▸ RECORD EXCERPTS
((

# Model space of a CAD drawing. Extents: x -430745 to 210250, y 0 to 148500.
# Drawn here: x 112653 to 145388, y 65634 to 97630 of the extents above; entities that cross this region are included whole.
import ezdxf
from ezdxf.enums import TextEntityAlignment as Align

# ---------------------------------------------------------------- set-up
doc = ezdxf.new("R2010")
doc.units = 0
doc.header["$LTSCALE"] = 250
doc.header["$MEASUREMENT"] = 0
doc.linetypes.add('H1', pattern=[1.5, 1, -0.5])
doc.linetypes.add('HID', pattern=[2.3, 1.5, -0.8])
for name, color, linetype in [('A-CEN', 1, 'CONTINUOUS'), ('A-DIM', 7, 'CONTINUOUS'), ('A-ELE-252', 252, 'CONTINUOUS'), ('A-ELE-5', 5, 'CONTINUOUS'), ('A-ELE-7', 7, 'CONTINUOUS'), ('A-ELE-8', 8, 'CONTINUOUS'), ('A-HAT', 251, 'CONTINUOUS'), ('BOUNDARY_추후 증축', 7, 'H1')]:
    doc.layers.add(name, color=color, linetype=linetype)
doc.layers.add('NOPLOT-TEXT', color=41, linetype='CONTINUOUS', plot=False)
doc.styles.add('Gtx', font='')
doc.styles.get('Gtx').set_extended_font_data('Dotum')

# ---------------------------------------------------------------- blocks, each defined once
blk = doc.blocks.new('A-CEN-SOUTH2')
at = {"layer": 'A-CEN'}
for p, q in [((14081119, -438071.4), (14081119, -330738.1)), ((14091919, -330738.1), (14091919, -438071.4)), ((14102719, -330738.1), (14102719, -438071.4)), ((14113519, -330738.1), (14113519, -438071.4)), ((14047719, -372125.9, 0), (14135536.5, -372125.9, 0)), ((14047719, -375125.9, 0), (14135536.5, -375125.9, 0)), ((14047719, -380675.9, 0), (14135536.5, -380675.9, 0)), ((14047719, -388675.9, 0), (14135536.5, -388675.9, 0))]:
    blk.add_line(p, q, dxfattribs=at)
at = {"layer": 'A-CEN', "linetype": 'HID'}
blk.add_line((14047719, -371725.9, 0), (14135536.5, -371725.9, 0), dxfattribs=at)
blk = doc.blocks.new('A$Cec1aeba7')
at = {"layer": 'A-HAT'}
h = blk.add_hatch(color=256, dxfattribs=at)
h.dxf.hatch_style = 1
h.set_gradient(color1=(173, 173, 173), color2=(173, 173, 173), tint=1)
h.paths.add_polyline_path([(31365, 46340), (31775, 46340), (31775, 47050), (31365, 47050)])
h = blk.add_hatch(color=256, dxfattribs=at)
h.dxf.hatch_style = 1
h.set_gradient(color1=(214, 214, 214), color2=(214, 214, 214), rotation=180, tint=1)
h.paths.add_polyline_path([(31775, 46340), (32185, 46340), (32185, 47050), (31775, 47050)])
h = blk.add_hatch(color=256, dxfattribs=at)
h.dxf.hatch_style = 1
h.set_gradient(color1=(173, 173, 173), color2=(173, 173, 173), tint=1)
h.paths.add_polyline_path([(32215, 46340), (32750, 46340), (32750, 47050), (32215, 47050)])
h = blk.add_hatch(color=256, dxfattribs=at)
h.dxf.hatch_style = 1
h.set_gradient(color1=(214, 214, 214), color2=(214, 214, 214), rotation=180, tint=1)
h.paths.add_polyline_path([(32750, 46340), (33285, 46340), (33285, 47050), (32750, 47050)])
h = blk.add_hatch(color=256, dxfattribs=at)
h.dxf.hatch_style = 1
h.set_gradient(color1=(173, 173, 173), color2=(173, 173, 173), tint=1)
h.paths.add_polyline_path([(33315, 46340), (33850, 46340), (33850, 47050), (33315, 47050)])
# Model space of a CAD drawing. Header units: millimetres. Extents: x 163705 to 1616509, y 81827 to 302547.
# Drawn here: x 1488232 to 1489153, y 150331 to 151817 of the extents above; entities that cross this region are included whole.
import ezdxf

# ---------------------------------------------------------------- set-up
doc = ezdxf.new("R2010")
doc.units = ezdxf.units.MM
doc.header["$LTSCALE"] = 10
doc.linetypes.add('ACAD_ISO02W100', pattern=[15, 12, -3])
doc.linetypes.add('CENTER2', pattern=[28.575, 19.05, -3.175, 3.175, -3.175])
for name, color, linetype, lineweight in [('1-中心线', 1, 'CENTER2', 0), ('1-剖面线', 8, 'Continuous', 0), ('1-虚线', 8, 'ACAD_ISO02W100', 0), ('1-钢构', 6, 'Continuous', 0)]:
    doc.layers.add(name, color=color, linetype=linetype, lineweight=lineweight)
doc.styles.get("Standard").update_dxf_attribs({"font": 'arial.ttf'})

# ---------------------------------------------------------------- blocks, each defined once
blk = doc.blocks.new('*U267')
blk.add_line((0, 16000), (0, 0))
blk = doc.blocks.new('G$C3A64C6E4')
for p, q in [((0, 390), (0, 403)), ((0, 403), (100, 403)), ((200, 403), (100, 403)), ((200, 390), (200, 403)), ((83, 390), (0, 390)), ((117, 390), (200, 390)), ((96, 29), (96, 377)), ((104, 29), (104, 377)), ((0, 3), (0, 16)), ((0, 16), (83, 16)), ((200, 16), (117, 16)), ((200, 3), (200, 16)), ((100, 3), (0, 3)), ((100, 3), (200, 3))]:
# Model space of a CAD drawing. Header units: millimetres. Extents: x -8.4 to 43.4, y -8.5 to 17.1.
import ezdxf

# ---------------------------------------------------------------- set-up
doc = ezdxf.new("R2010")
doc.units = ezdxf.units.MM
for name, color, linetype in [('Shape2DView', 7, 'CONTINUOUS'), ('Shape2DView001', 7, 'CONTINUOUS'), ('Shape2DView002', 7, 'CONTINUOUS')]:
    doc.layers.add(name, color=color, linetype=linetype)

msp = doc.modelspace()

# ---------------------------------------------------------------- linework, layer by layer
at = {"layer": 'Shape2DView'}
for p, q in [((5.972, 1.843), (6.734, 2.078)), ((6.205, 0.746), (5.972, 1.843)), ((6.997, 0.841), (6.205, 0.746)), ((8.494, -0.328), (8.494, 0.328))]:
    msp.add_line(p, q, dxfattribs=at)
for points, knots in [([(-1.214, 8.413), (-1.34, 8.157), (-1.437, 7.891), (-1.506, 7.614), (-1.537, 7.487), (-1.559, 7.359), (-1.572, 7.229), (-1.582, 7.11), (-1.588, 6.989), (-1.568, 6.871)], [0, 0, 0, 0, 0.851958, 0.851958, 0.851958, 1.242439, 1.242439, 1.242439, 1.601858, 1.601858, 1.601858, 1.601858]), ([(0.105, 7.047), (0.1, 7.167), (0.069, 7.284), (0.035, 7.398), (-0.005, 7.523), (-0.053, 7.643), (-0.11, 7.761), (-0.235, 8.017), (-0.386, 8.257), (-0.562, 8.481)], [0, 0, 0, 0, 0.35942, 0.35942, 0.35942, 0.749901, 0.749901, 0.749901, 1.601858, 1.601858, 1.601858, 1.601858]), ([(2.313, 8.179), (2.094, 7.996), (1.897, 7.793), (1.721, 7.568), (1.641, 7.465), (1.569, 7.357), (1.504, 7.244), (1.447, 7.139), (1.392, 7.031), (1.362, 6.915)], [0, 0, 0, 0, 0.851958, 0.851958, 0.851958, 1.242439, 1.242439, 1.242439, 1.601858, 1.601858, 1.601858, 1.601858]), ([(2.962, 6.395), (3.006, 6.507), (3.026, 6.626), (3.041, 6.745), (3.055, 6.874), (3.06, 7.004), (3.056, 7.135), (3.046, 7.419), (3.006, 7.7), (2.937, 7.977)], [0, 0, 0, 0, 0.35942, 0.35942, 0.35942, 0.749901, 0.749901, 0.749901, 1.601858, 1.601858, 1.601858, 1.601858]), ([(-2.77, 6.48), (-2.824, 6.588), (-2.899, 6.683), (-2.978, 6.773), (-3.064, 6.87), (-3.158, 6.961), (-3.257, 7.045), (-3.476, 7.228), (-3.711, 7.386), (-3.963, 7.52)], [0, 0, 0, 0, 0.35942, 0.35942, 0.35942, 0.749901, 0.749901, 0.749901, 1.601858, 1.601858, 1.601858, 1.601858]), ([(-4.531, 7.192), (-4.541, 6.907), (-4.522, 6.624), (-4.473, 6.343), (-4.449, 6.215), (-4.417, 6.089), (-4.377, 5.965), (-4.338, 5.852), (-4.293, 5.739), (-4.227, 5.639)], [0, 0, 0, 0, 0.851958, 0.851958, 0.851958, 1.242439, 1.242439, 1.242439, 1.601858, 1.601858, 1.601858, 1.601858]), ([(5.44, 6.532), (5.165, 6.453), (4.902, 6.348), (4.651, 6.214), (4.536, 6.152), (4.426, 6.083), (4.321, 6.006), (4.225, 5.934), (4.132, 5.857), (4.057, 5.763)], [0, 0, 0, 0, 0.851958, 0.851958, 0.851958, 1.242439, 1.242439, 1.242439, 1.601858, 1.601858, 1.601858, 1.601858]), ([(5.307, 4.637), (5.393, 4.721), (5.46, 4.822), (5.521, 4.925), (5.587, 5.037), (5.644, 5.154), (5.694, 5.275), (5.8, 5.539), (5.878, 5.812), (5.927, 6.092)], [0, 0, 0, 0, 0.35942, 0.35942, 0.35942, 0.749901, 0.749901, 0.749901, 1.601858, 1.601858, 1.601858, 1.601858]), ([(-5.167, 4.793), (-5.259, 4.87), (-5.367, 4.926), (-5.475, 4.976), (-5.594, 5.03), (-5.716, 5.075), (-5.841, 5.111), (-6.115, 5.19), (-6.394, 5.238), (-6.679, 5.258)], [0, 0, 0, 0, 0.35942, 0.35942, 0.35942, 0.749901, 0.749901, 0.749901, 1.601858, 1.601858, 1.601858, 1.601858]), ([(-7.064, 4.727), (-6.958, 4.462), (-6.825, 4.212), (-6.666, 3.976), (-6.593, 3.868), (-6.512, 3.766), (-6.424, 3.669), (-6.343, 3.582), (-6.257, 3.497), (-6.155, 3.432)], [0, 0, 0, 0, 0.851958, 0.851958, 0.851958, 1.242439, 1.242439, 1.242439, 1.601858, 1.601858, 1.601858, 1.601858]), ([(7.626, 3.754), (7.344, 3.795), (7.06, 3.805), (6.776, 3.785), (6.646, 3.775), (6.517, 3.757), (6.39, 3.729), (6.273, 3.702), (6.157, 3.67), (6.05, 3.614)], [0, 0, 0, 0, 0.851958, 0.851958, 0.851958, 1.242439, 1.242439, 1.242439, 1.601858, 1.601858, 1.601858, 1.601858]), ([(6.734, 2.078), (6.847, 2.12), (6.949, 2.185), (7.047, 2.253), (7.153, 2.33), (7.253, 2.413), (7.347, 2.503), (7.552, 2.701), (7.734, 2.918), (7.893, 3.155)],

))

▸ WORK INSTRUCTION
Take the line above containing "for name, color, linetype, lineweight", the line containing "blk = doc.blocks.new('*U267')", and all lines in between, and copy them exactly without anything else.

▸ TASK RESULT
for name, color, linetype, lineweight in [('1-中心线', 1, 'CENTER2', 0), ('1-剖面线', 8, 'Continuous', 0), ('1-虚线', 8, 'ACAD_ISO02W100', 0), ('1-钢构', 6, 'Continuous', 0)]:
    doc.layers.add(name, color=color, linetype=linetype, lineweight=lineweight)
doc.styles.get("Standard").update_dxf_attribs({"font": 'arial.ttf'})

# ---------------------------------------------------------------- blocks, each defined once
blk = doc.blocks.new('*U267')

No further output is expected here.